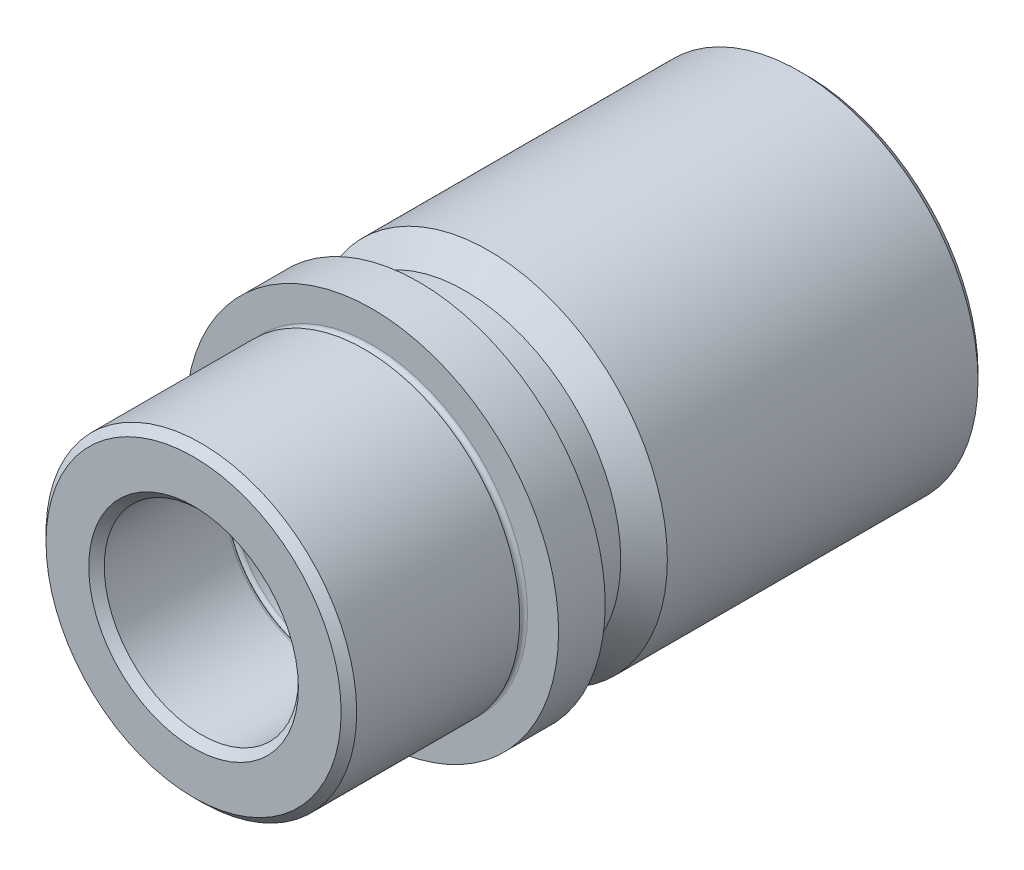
ISO-10303-21;
HEADER;
FILE_DESCRIPTION(('STEP AP214'),'2;1');
FILE_NAME('part.step','',(''),(''),'','','');
FILE_SCHEMA(('AUTOMOTIVE_DESIGN { 1 0 10303 214 1 1 1 1 }'));
ENDSEC;
DATA;
#1=APPLICATION_CONTEXT('core data for automotive mechanical design processes');
#2=APPLICATION_PROTOCOL_DEFINITION('international standard','automotive_design',2000,#1);
#3=PRODUCT_CONTEXT('',#1,'mechanical');
#4=PRODUCT('Part','Part','',(#3));
#5=PRODUCT_RELATED_PRODUCT_CATEGORY('part','',(#4));
#6=PRODUCT_DEFINITION_FORMATION('','',#4);
#7=PRODUCT_DEFINITION_CONTEXT('part definition',#1,'design');
#8=PRODUCT_DEFINITION('design','',#6,#7);
#9=PRODUCT_DEFINITION_SHAPE('','',#8);
#10=(LENGTH_UNIT() NAMED_UNIT(*) SI_UNIT(.MILLI.,.METRE.));
#11=(NAMED_UNIT(*) PLANE_ANGLE_UNIT() SI_UNIT($,.RADIAN.));
#12=(NAMED_UNIT(*) SI_UNIT($,.STERADIAN.) SOLID_ANGLE_UNIT());
#13=UNCERTAINTY_MEASURE_WITH_UNIT(LENGTH_MEASURE(1.E-05),#10,'distance_accuracy_value','');
#14=(GEOMETRIC_REPRESENTATION_CONTEXT(3) GLOBAL_UNCERTAINTY_ASSIGNED_CONTEXT((#13)) GLOBAL_UNIT_ASSIGNED_CONTEXT((#10,
#11,#12)) REPRESENTATION_CONTEXT('',''));
#15=CARTESIAN_POINT('',(0.,0.,0.));
#16=DIRECTION('',(0.,0.,1.));
#17=DIRECTION('',(1.,0.,0.));
#18=AXIS2_PLACEMENT_3D('',#15,#16,#17);
#19=CARTESIAN_POINT('',(0.,0.,-41.5));
#20=DIRECTION('',(0.,0.,1.));
#21=DIRECTION('',(1.,0.,0.));
#22=AXIS2_PLACEMENT_3D('',#19,#20,#21);
#23=TOROIDAL_SURFACE('',#22,13.,0.5);
#24=CARTESIAN_POINT('',(0.,0.,-41.5));
#25=DIRECTION('',(0.,0.,1.));
#26=DIRECTION('',(1.,0.,0.));
#27=AXIS2_PLACEMENT_3D('',#24,#25,#26);
#28=CIRCLE('',#27,12.5);
#29=CARTESIAN_POINT('',(12.5,0.,-41.5));
#30=VERTEX_POINT('',#29);
#31=EDGE_CURVE('E81',#30,#30,#28,.T.);
#32=ORIENTED_EDGE('',*,*,#31,.T.);
#33=EDGE_LOOP('',(#32));
#34=FACE_BOUND('',#33,.T.);
#35=CARTESIAN_POINT('',(0.,0.,-42.));
#36=DIRECTION('',(0.,0.,1.));
#37=DIRECTION('',(1.,0.,0.));
#38=AXIS2_PLACEMENT_3D('',#35,#36,#37);
#39=CIRCLE('',#38,13.);
#40=CARTESIAN_POINT('',(13.,0.,-42.));
#41=VERTEX_POINT('',#40);
#42=EDGE_CURVE('E45',#41,#41,#39,.T.);
#43=ORIENTED_EDGE('',*,*,#42,.F.);
#44=EDGE_LOOP('',(#43));
#45=FACE_BOUND('',#44,.T.);
#46=ADVANCED_FACE('F13',(#34,#45),#23,.T.);
#47=CARTESIAN_POINT('',(0.,0.,-42.5));
#48=DIRECTION('',(0.,0.,1.));
#49=DIRECTION('',(1.,0.,0.));
#50=AXIS2_PLACEMENT_3D('',#47,#48,#49);
#51=TOROIDAL_SURFACE('',#50,13.,0.5);
#52=CARTESIAN_POINT('',(0.,0.,-42.5));
#53=DIRECTION('',(0.,0.,1.));
#54=DIRECTION('',(1.,0.,0.));
#55=AXIS2_PLACEMENT_3D('',#52,#53,#54);
#56=CIRCLE('',#55,12.5);
#57=CARTESIAN_POINT('',(12.5,0.,-42.5));
#58=VERTEX_POINT('',#57);
#59=EDGE_CURVE('E48',#58,#58,#56,.T.);
#60=ORIENTED_EDGE('',*,*,#59,.F.);
#61=EDGE_LOOP('',(#60));
#62=FACE_BOUND('',#61,.T.);
#63=ORIENTED_EDGE('',*,*,#42,.T.);
#64=EDGE_LOOP('',(#63));
#65=FACE_BOUND('',#64,.T.);
#66=ADVANCED_FACE('F113',(#62,#65),#51,.T.);
#67=CARTESIAN_POINT('',(0.,0.,0.));
#68=DIRECTION('',(0.,0.,1.));
#69=DIRECTION('',(1.,0.,0.));
#70=AXIS2_PLACEMENT_3D('',#67,#68,#69);
#71=CYLINDRICAL_SURFACE('',#70,12.5);
#72=CARTESIAN_POINT('',(0.,0.,-78.));
#73=DIRECTION('',(0.,0.,1.));
#74=DIRECTION('',(1.,0.,0.));
#75=AXIS2_PLACEMENT_3D('',#72,#73,#74);
#76=CIRCLE('',#75,12.5);
#77=CARTESIAN_POINT('',(12.5,0.,-78.));
#78=VERTEX_POINT('',#77);
#79=EDGE_CURVE('E36',#78,#78,#76,.F.);
#80=ORIENTED_EDGE('',*,*,#79,.T.);
#81=EDGE_LOOP('',(#80));
#82=FACE_BOUND('',#81,.T.);
#83=ORIENTED_EDGE('',*,*,#59,.T.);
#84=EDGE_LOOP('',(#83));
#85=FACE_BOUND('',#84,.T.);
#86=ADVANCED_FACE('F118',(#82,#85),#71,.F.);
#87=CARTESIAN_POINT('',(0.,0.,-79.));
#88=DIRECTION('',(0.,0.,1.));
#89=DIRECTION('',(1.,0.,0.));
#90=AXIS2_PLACEMENT_3D('',#87,#88,#89);
#91=PLANE('',#90);
#92=CARTESIAN_POINT('',(0.,0.,-79.));
#93=DIRECTION('',(0.,0.,1.));
#94=DIRECTION('',(1.,0.,0.));
#95=AXIS2_PLACEMENT_3D('',#92,#93,#94);
#96=CIRCLE('',#95,13.5);
#97=CARTESIAN_POINT('',(13.5,0.,-79.));
#98=VERTEX_POINT('',#97);
#99=EDGE_CURVE('E39',#98,#98,#96,.T.);
#100=ORIENTED_EDGE('',*,*,#99,.T.);
#101=EDGE_LOOP('',(#100));
#102=FACE_BOUND('',#101,.T.);
#103=CARTESIAN_POINT('',(0.,0.,-79.));
#104=DIRECTION('',(0.,0.,1.));
#105=DIRECTION('',(1.,0.,0.));
#106=AXIS2_PLACEMENT_3D('',#103,#104,#105);
#107=CIRCLE('',#106,22.);
#108=CARTESIAN_POINT('',(22.,0.,-79.));
#109=VERTEX_POINT('',#108);
#110=EDGE_CURVE('E42',#109,#109,#107,.F.);
#111=ORIENTED_EDGE('',*,*,#110,.T.);
#112=EDGE_LOOP('',(#111));
#113=FACE_BOUND('',#112,.T.);
#114=ADVANCED_FACE('F185',(#102,#113),#91,.F.);
#115=CARTESIAN_POINT('',(0.,0.,0.));
#116=DIRECTION('',(0.,0.,1.));
#117=DIRECTION('',(1.,0.,0.));
#118=AXIS2_PLACEMENT_3D('',#115,#116,#117);
#119=CYLINDRICAL_SURFACE('',#118,23.);
#120=CARTESIAN_POINT('',(0.,0.,-78.));
#121=DIRECTION('',(0.,0.,1.));
#122=DIRECTION('',(1.,0.,0.));
#123=AXIS2_PLACEMENT_3D('',#120,#121,#122);
#124=CIRCLE('',#123,23.);
#125=CARTESIAN_POINT('',(23.,0.,-78.));
#126=VERTEX_POINT('',#125);
#127=EDGE_CURVE('E33',#126,#126,#124,.T.);
#128=ORIENTED_EDGE('',*,*,#127,.T.);
#129=EDGE_LOOP('',(#128));
#130=FACE_BOUND('',#129,.T.);
#131=CARTESIAN_POINT('',(0.,0.,-38.));
#132=DIRECTION('',(0.,0.,1.));
#133=DIRECTION('',(1.,0.,0.));
#134=AXIS2_PLACEMENT_3D('',#131,#132,#133);
#135=CIRCLE('',#134,23.);
#136=CARTESIAN_POINT('',(23.,0.,-38.));
#137=VERTEX_POINT('',#136);
#138=EDGE_CURVE('E51',#137,#137,#135,.T.);
#139=ORIENTED_EDGE('',*,*,#138,.F.);
#140=EDGE_LOOP('',(#139));
#141=FACE_BOUND('',#140,.T.);
#142=ADVANCED_FACE('F181',(#130,#141),#119,.T.);
#143=CARTESIAN_POINT('',(0.,0.,-35.));
#144=DIRECTION('',(0.,0.,-1.));
#145=DIRECTION('',(-1.,0.,0.));
#146=AXIS2_PLACEMENT_3D('',#143,#144,#145);
#147=CONICAL_SURFACE('',#146,20.,0.78539816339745);
#148=ORIENTED_EDGE('',*,*,#138,.T.);
#149=EDGE_LOOP('',(#148));
#150=FACE_BOUND('',#149,.T.);
#151=CARTESIAN_POINT('',(0.,0.,-35.));
#152=DIRECTION('',(0.,0.,1.));
#153=DIRECTION('',(1.,0.,0.));
#154=AXIS2_PLACEMENT_3D('',#151,#152,#153);
#155=CIRCLE('',#154,20.);
#156=CARTESIAN_POINT('',(20.,0.,-35.));
#157=VERTEX_POINT('',#156);
#158=EDGE_CURVE('E54',#157,#157,#155,.T.);
#159=ORIENTED_EDGE('',*,*,#158,.F.);
#160=EDGE_LOOP('',(#159));
#161=FACE_BOUND('',#160,.T.);
#162=ADVANCED_FACE('F177',(#150,#161),#147,.T.);
#163=CARTESIAN_POINT('',(0.,0.,0.));
#164=DIRECTION('',(0.,0.,1.));
#165=DIRECTION('',(1.,0.,0.));
#166=AXIS2_PLACEMENT_3D('',#163,#164,#165);
#167=CYLINDRICAL_SURFACE('',#166,20.);
#168=ORIENTED_EDGE('',*,*,#158,.T.);
#169=EDGE_LOOP('',(#168));
#170=FACE_BOUND('',#169,.T.);
#171=CARTESIAN_POINT('',(0.,0.,-29.));
#172=DIRECTION('',(0.,0.,1.));
#173=DIRECTION('',(1.,0.,0.));
#174=AXIS2_PLACEMENT_3D('',#171,#172,#173);
#175=CIRCLE('',#174,20.);
#176=CARTESIAN_POINT('',(20.,0.,-29.));
#177=VERTEX_POINT('',#176);
#178=EDGE_CURVE('E57',#177,#177,#175,.T.);
#179=ORIENTED_EDGE('',*,*,#178,.F.);
#180=EDGE_LOOP('',(#179));
#181=FACE_BOUND('',#180,.T.);
#182=ADVANCED_FACE('F173',(#170,#181),#167,.T.);
#183=CARTESIAN_POINT('',(0.,0.,-29.));
#184=DIRECTION('',(0.,0.,-1.));
#185=DIRECTION('',(-1.,0.,0.));
#186=AXIS2_PLACEMENT_3D('',#183,#184,#185);
#187=PLANE('',#186);
#188=ORIENTED_EDGE('',*,*,#178,.T.);
#189=EDGE_LOOP('',(#188));
#190=FACE_BOUND('',#189,.T.);
#191=CARTESIAN_POINT('',(0.,0.,-29.));
#192=DIRECTION('',(0.,0.,1.));
#193=DIRECTION('',(1.,0.,0.));
#194=AXIS2_PLACEMENT_3D('',#191,#192,#193);
#195=CIRCLE('',#194,24.);
#196=CARTESIAN_POINT('',(24.,0.,-29.));
#197=VERTEX_POINT('',#196);
#198=EDGE_CURVE('E60',#197,#197,#195,.T.);
#199=ORIENTED_EDGE('',*,*,#198,.F.);
#200=EDGE_LOOP('',(#199));
#201=FACE_BOUND('',#200,.T.);
#202=ADVANCED_FACE('F169',(#190,#201),#187,.T.);
#203=CARTESIAN_POINT('',(0.,0.,0.));
#204=DIRECTION('',(0.,0.,1.));
#205=DIRECTION('',(1.,0.,0.));
#206=AXIS2_PLACEMENT_3D('',#203,#204,#205);
#207=CYLINDRICAL_SURFACE('',#206,24.);
#208=ORIENTED_EDGE('',*,*,#198,.T.);
#209=EDGE_LOOP('',(#208));
#210=FACE_BOUND('',#209,.T.);
#211=CARTESIAN_POINT('',(0.,0.,-23.));
#212=DIRECTION('',(0.,0.,1.));
#213=DIRECTION('',(1.,0.,0.));
#214=AXIS2_PLACEMENT_3D('',#211,#212,#213);
#215=CIRCLE('',#214,24.);
#216=CARTESIAN_POINT('',(24.,0.,-23.));
#217=VERTEX_POINT('',#216);
#218=EDGE_CURVE('E63',#217,#217,#215,.T.);
#219=ORIENTED_EDGE('',*,*,#218,.F.);
#220=EDGE_LOOP('',(#219));
#221=FACE_BOUND('',#220,.T.);
#222=ADVANCED_FACE('F165',(#210,#221),#207,.T.);
#223=CARTESIAN_POINT('',(0.,0.,-23.));
#224=DIRECTION('',(0.,0.,1.));
#225=DIRECTION('',(1.,0.,0.));
#226=AXIS2_PLACEMENT_3D('',#223,#224,#225);
#227=PLANE('',#226);
#228=ORIENTED_EDGE('',*,*,#218,.T.);
#229=EDGE_LOOP('',(#228));
#230=FACE_BOUND('',#229,.T.);
#231=CARTESIAN_POINT('',(0.,0.,-23.));
#232=DIRECTION('',(0.,0.,1.));
#233=DIRECTION('',(1.,0.,0.));
#234=AXIS2_PLACEMENT_3D('',#231,#232,#233);
#235=CIRCLE('',#234,20.);
#236=CARTESIAN_POINT('',(20.,0.,-23.));
#237=VERTEX_POINT('',#236);
#238=EDGE_CURVE('E66',#237,#237,#235,.T.);
#239=ORIENTED_EDGE('',*,*,#238,.F.);
#240=EDGE_LOOP('',(#239));
#241=FACE_BOUND('',#240,.T.);
#242=ADVANCED_FACE('F161',(#230,#241),#227,.T.);
#243=CARTESIAN_POINT('',(0.,0.,-22.5));
#244=DIRECTION('',(0.,0.,1.));
#245=DIRECTION('',(1.,0.,0.));
#246=AXIS2_PLACEMENT_3D('',#243,#244,#245);
#247=TOROIDAL_SURFACE('',#246,20.,0.5);
#248=ORIENTED_EDGE('',*,*,#238,.T.);
#249=EDGE_LOOP('',(#248));
#250=FACE_BOUND('',#249,.T.);
#251=CARTESIAN_POINT('',(0.,0.,-22.));
#252=DIRECTION('',(0.,0.,1.));
#253=DIRECTION('',(1.,0.,0.));
#254=AXIS2_PLACEMENT_3D('',#251,#252,#253);
#255=CIRCLE('',#254,20.);
#256=CARTESIAN_POINT('',(20.,0.,-22.));
#257=VERTEX_POINT('',#256);
#258=EDGE_CURVE('E69',#257,#257,#255,.T.);
#259=ORIENTED_EDGE('',*,*,#258,.F.);
#260=EDGE_LOOP('',(#259));
#261=FACE_BOUND('',#260,.T.);
#262=ADVANCED_FACE('F156',(#250,#261),#247,.F.);
#263=CARTESIAN_POINT('',(0.,0.,0.));
#264=DIRECTION('',(0.,0.,1.));
#265=DIRECTION('',(1.,0.,0.));
#266=AXIS2_PLACEMENT_3D('',#263,#264,#265);
#267=CYLINDRICAL_SURFACE('',#266,20.);
#268=CARTESIAN_POINT('',(0.,0.,-0.99999999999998));
#269=DIRECTION('',(0.,0.,1.));
#270=DIRECTION('',(1.,0.,0.));
#271=AXIS2_PLACEMENT_3D('',#268,#269,#270);
#272=CIRCLE('',#271,20.);
#273=CARTESIAN_POINT('',(20.,0.,-0.99999999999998));
#274=VERTEX_POINT('',#273);
#275=EDGE_CURVE('E8',#274,#274,#272,.F.);
#276=ORIENTED_EDGE('',*,*,#275,.T.);
#277=EDGE_LOOP('',(#276));
#278=FACE_BOUND('',#277,.T.);
#279=ORIENTED_EDGE('',*,*,#258,.T.);
#280=EDGE_LOOP('',(#279));
#281=FACE_BOUND('',#280,.T.);
#282=ADVANCED_FACE('F149',(#278,#281),#267,.T.);
#283=CARTESIAN_POINT('',(0.,0.,0.));
#284=DIRECTION('',(0.,0.,1.));
#285=DIRECTION('',(1.,0.,0.));
#286=AXIS2_PLACEMENT_3D('',#283,#284,#285);
#287=PLANE('',#286);
#288=CARTESIAN_POINT('',(0.,0.,0.));
#289=DIRECTION('',(0.,0.,1.));
#290=DIRECTION('',(1.,0.,0.));
#291=AXIS2_PLACEMENT_3D('',#288,#289,#290);
#292=CIRCLE('',#291,13.5);
#293=CARTESIAN_POINT('',(13.5,0.,0.));
#294=VERTEX_POINT('',#293);
#295=EDGE_CURVE('E20',#294,#294,#292,.F.);
#296=ORIENTED_EDGE('',*,*,#295,.T.);
#297=EDGE_LOOP('',(#296));
#298=FACE_BOUND('',#297,.T.);
#299=CARTESIAN_POINT('',(0.,0.,0.));
#300=DIRECTION('',(0.,0.,1.));
#301=DIRECTION('',(1.,0.,0.));
#302=AXIS2_PLACEMENT_3D('',#299,#300,#301);
#303=CIRCLE('',#302,19.);
#304=CARTESIAN_POINT('',(19.,0.,0.));
#305=VERTEX_POINT('',#304);
#306=EDGE_CURVE('E24',#305,#305,#303,.T.);
#307=ORIENTED_EDGE('',*,*,#306,.T.);
#308=EDGE_LOOP('',(#307));
#309=FACE_BOUND('',#308,.T.);
#310=ADVANCED_FACE('F109',(#298,#309),#287,.T.);
#311=CARTESIAN_POINT('',(0.,0.,0.));
#312=DIRECTION('',(0.,0.,1.));
#313=DIRECTION('',(1.,0.,0.));
#314=AXIS2_PLACEMENT_3D('',#311,#312,#313);
#315=CYLINDRICAL_SURFACE('',#314,12.5);
#316=CARTESIAN_POINT('',(0.,0.,-0.999999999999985));
#317=DIRECTION('',(0.,0.,1.));
#318=DIRECTION('',(1.,0.,0.));
#319=AXIS2_PLACEMENT_3D('',#316,#317,#318);
#320=CIRCLE('',#319,12.5);
#321=CARTESIAN_POINT('',(12.5,0.,-0.999999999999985));
#322=VERTEX_POINT('',#321);
#323=EDGE_CURVE('E28',#322,#322,#320,.T.);
#324=ORIENTED_EDGE('',*,*,#323,.T.);
#325=EDGE_LOOP('',(#324));
#326=FACE_BOUND('',#325,.T.);
#327=CARTESIAN_POINT('',(0.,0.,-16.5));
#328=DIRECTION('',(0.,0.,1.));
#329=DIRECTION('',(1.,0.,0.));
#330=AXIS2_PLACEMENT_3D('',#327,#328,#329);
#331=CIRCLE('',#330,12.5);
#332=CARTESIAN_POINT('',(12.5,0.,-16.5));
#333=VERTEX_POINT('',#332);
#334=EDGE_CURVE('E72',#333,#333,#331,.T.);
#335=ORIENTED_EDGE('',*,*,#334,.F.);
#336=EDGE_LOOP('',(#335));
#337=FACE_BOUND('',#336,.T.);
#338=ADVANCED_FACE('F102',(#326,#337),#315,.F.);
#339=CARTESIAN_POINT('',(0.,0.,-16.5));
#340=DIRECTION('',(0.,0.,1.));
#341=DIRECTION('',(1.,0.,0.));
#342=AXIS2_PLACEMENT_3D('',#339,#340,#341);
#343=TOROIDAL_SURFACE('',#342,13.,0.5);
#344=ORIENTED_EDGE('',*,*,#334,.T.);
#345=EDGE_LOOP('',(#344));
#346=FACE_BOUND('',#345,.T.);
#347=CARTESIAN_POINT('',(0.,0.,-17.));
#348=DIRECTION('',(0.,0.,1.));
#349=DIRECTION('',(1.,0.,0.));
#350=AXIS2_PLACEMENT_3D('',#347,#348,#349);
#351=CIRCLE('',#350,13.);
#352=CARTESIAN_POINT('',(13.,0.,-17.));
#353=VERTEX_POINT('',#352);
#354=EDGE_CURVE('E75',#353,#353,#351,.T.);
#355=ORIENTED_EDGE('',*,*,#354,.F.);
#356=EDGE_LOOP('',(#355));
#357=FACE_BOUND('',#356,.T.);
#358=ADVANCED_FACE('F97',(#346,#357),#343,.T.);
#359=CARTESIAN_POINT('',(0.,0.,-17.5));
#360=DIRECTION('',(0.,0.,1.));
#361=DIRECTION('',(1.,0.,0.));
#362=AXIS2_PLACEMENT_3D('',#359,#360,#361);
#363=TOROIDAL_SURFACE('',#362,13.,0.5);
#364=CARTESIAN_POINT('',(0.,0.,-17.5));
#365=DIRECTION('',(0.,0.,1.));
#366=DIRECTION('',(1.,0.,0.));
#367=AXIS2_PLACEMENT_3D('',#364,#365,#366);
#368=CIRCLE('',#367,12.5);
#369=CARTESIAN_POINT('',(12.5,0.,-17.5));
#370=VERTEX_POINT('',#369);
#371=EDGE_CURVE('E78',#370,#370,#368,.T.);
#372=ORIENTED_EDGE('',*,*,#371,.F.);
#373=EDGE_LOOP('',(#372));
#374=FACE_BOUND('',#373,.T.);
#375=ORIENTED_EDGE('',*,*,#354,.T.);
#376=EDGE_LOOP('',(#375));
#377=FACE_BOUND('',#376,.T.);
#378=ADVANCED_FACE('F91',(#374,#377),#363,.T.);
#379=CARTESIAN_POINT('',(0.,0.,0.));
#380=DIRECTION('',(0.,0.,1.));
#381=DIRECTION('',(1.,0.,0.));
#382=AXIS2_PLACEMENT_3D('',#379,#380,#381);
#383=CYLINDRICAL_SURFACE('',#382,12.5);
#384=ORIENTED_EDGE('',*,*,#31,.F.);
#385=EDGE_LOOP('',(#384));
#386=FACE_BOUND('',#385,.T.);
#387=ORIENTED_EDGE('',*,*,#371,.T.);
#388=EDGE_LOOP('',(#387));
#389=FACE_BOUND('',#388,.T.);
#390=ADVANCED_FACE('F87',(#386,#389),#383,.F.);
#391=CARTESIAN_POINT('',(0.,0.,-79.));
#392=DIRECTION('',(0.,0.,-1.));
#393=DIRECTION('',(-1.,0.,0.));
#394=AXIS2_PLACEMENT_3D('',#391,#392,#393);
#395=CONICAL_SURFACE('',#394,13.5,0.785398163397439);
#396=ORIENTED_EDGE('',*,*,#79,.F.);
#397=EDGE_LOOP('',(#396));
#398=FACE_BOUND('',#397,.T.);
#399=ORIENTED_EDGE('',*,*,#99,.F.);
#400=EDGE_LOOP('',(#399));
#401=FACE_BOUND('',#400,.T.);
#402=ADVANCED_FACE('F90',(#398,#401),#395,.F.);
#403=CARTESIAN_POINT('',(0.,0.,-78.));
#404=DIRECTION('',(0.,0.,1.));
#405=DIRECTION('',(1.,0.,0.));
#406=AXIS2_PLACEMENT_3D('',#403,#404,#405);
#407=CONICAL_SURFACE('',#406,23.,0.785398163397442);
#408=ORIENTED_EDGE('',*,*,#110,.F.);
#409=EDGE_LOOP('',(#408));
#410=FACE_BOUND('',#409,.T.);
#411=ORIENTED_EDGE('',*,*,#127,.F.);
#412=EDGE_LOOP('',(#411));
#413=FACE_BOUND('',#412,.T.);
#414=ADVANCED_FACE('F125',(#410,#413),#407,.T.);
#415=CARTESIAN_POINT('',(0.,0.,-0.999999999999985));
#416=DIRECTION('',(0.,0.,1.));
#417=DIRECTION('',(1.,0.,0.));
#418=AXIS2_PLACEMENT_3D('',#415,#416,#417);
#419=CONICAL_SURFACE('',#418,12.5,0.785398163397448);
#420=ORIENTED_EDGE('',*,*,#295,.F.);
#421=EDGE_LOOP('',(#420));
#422=FACE_BOUND('',#421,.T.);
#423=ORIENTED_EDGE('',*,*,#323,.F.);
#424=EDGE_LOOP('',(#423));
#425=FACE_BOUND('',#424,.T.);
#426=ADVANCED_FACE('F128',(#422,#425),#419,.F.);
#427=CARTESIAN_POINT('',(0.,0.,0.));
#428=DIRECTION('',(0.,0.,-1.));
#429=DIRECTION('',(-1.,0.,0.));
#430=AXIS2_PLACEMENT_3D('',#427,#428,#429);
#431=CONICAL_SURFACE('',#430,19.,0.785398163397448);
#432=ORIENTED_EDGE('',*,*,#275,.F.);
#433=EDGE_LOOP('',(#432));
#434=FACE_BOUND('',#433,.T.);
#435=ORIENTED_EDGE('',*,*,#306,.F.);
#436=EDGE_LOOP('',(#435));
#437=FACE_BOUND('',#436,.T.);
#438=ADVANCED_FACE('F15',(#434,#437),#431,.T.);
#439=CLOSED_SHELL('',(#46,#66,#86,#114,#142,#162,#182,#202,#222,#242,#262,#282,#310,#338,#358,
#378,#390,#402,#414,#426,#438));
#440=MANIFOLD_SOLID_BREP('B1',#439);
#441=ADVANCED_BREP_SHAPE_REPRESENTATION('',(#18,#440),#14);
#442=SHAPE_DEFINITION_REPRESENTATION(#9,#441);
ENDSEC;
END-ISO-10303-21;
···
▸ **Exercise instructions**:
With the line that has "#200=EDGE_LOOP('',(#199));" as the first and the line that has "#245=DIRECTION('',(1.,0.,0.));" as the last, repeat exactly that run of lines above and no more.

▸ **Reply to the exercise**:
#200=EDGE_LOOP('',(#199));
#201=FACE_BOUND('',#200,.T.);
#202=ADVANCED_FACE('F169',(#190,#201),#187,.T.);
#203=CARTESIAN_POINT('',(0.,0.,0.));
#204=DIRECTION('',(0.,0.,1.));
#205=DIRECTION('',(1.,0.,0.));
#206=AXIS2_PLACEMENT_3D('',#203,#204,#205);
#207=CYLINDRICAL_SURFACE('',#206,24.);
#208=ORIENTED_EDGE('',*,*,#198,.T.);
#209=EDGE_LOOP('',(#208));
#210=FACE_BOUND('',#209,.T.);
#211=CARTESIAN_POINT('',(0.,0.,-23.));
#212=DIRECTION('',(0.,0.,1.));
#213=DIRECTION('',(1.,0.,0.));
#214=AXIS2_PLACEMENT_3D('',#211,#212,#213);
#215=CIRCLE('',#214,24.);
#216=CARTESIAN_POINT('',(24.,0.,-23.));
#217=VERTEX_POINT('',#216);
#218=EDGE_CURVE('E63',#217,#217,#215,.T.);
#219=ORIENTED_EDGE('',*,*,#218,.F.);
#220=EDGE_LOOP('',(#219));
#221=FACE_BOUND('',#220,.T.);
#222=ADVANCED_FACE('F165',(#210,#221),#207,.T.);
#223=CARTESIAN_POINT('',(0.,0.,-23.));
#224=DIRECTION('',(0.,0.,1.));
#225=DIRECTION('',(1.,0.,0.));
#226=AXIS2_PLACEMENT_3D('',#223,#224,#225);
#227=PLANE('',#226);
#228=ORIENTED_EDGE('',*,*,#218,.T.);
#229=EDGE_LOOP('',(#228));
#230=FACE_BOUND('',#229,.T.);
#231=CARTESIAN_POINT('',(0.,0.,-23.));
#232=DIRECTION('',(0.,0.,1.));
#233=DIRECTION('',(1.,0.,0.));
#234=AXIS2_PLACEMENT_3D('',#231,#232,#233);
#235=CIRCLE('',#234,20.);
#236=CARTESIAN_POINT('',(20.,0.,-23.));
#237=VERTEX_POINT('',#236);
#238=EDGE_CURVE('E66',#237,#237,#235,.T.);
#239=ORIENTED_EDGE('',*,*,#238,.F.);
#240=EDGE_LOOP('',(#239));
#241=FACE_BOUND('',#240,.T.);
#242=ADVANCED_FACE('F161',(#230,#241),#227,.T.);
#243=CARTESIAN_POINT('',(0.,0.,-22.5));
#244=DIRECTION('',(0.,0.,1.));
#245=DIRECTION('',(1.,0.,0.));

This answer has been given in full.